John Zabielski, a bearded guide and trapper who left his trap line near the Yukon border to attend the hearing, said he didn’t see wolves and other predators as competition, as do some hunters, and said there were far fewer wolves in his area than the state says.

“I don’t feel threatened by the (grizzly bear) or wolf,” said Zabielski, who traps wolves. “There’s no predator as effective as me, and there’s a lot of me out there.” He said he had seen people illegally shoot wolves, lynx and other game from planes, and argued that Alaska’s vast stretches of remote back country make enforcing land-and-shoot rules virtually impossible.

But such arguments carried little weight with a majority of the game board.

“You always have a few bandits,” said Sidney Huntington, a longtime game board member from the Athabascan Indian village of Galena. “But we’re civilized people.” He argued there is nothing wrong with controlling wolves to protect animals for hunters, particularly Indians and Eskimos who may depend on moose and caribou for much of their meat supply.

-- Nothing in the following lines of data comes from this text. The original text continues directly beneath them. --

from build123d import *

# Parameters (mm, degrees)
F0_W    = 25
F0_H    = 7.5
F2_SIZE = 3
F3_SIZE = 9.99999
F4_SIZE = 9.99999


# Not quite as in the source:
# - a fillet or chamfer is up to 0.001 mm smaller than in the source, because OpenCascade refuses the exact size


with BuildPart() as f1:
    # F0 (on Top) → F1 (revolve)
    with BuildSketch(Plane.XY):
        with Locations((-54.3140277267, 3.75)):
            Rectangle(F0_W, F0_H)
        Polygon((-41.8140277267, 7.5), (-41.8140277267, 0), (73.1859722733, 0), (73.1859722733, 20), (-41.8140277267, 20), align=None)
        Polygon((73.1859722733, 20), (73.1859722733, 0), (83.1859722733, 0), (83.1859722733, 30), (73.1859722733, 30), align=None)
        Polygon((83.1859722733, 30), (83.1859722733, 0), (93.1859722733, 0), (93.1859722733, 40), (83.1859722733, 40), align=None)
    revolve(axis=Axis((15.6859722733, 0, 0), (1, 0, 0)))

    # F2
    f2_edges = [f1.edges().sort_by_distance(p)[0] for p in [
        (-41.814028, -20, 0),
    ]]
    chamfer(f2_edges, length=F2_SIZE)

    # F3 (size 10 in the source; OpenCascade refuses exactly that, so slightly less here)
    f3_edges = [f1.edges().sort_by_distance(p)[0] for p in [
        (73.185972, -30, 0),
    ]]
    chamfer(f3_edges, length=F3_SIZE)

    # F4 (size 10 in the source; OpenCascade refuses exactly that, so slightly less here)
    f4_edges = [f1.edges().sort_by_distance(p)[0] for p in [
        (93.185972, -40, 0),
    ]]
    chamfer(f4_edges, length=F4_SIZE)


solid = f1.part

Earlier this week, a majority on the board agreed to expand land-and-shoot wolf hunting into several new areas of the state. At the same time, the panel tightened regulations to make it more difficult for airplane hunters to illegally kill wolves and sell the pelts, which can bring as much as $400 each.

Meanwhile, the state also is launching a two-year study of the future of wolf management in Alaska, a process intended to bring all sides in the issue closer together. But after the action this week, some opponents said they weren’t interested in participating.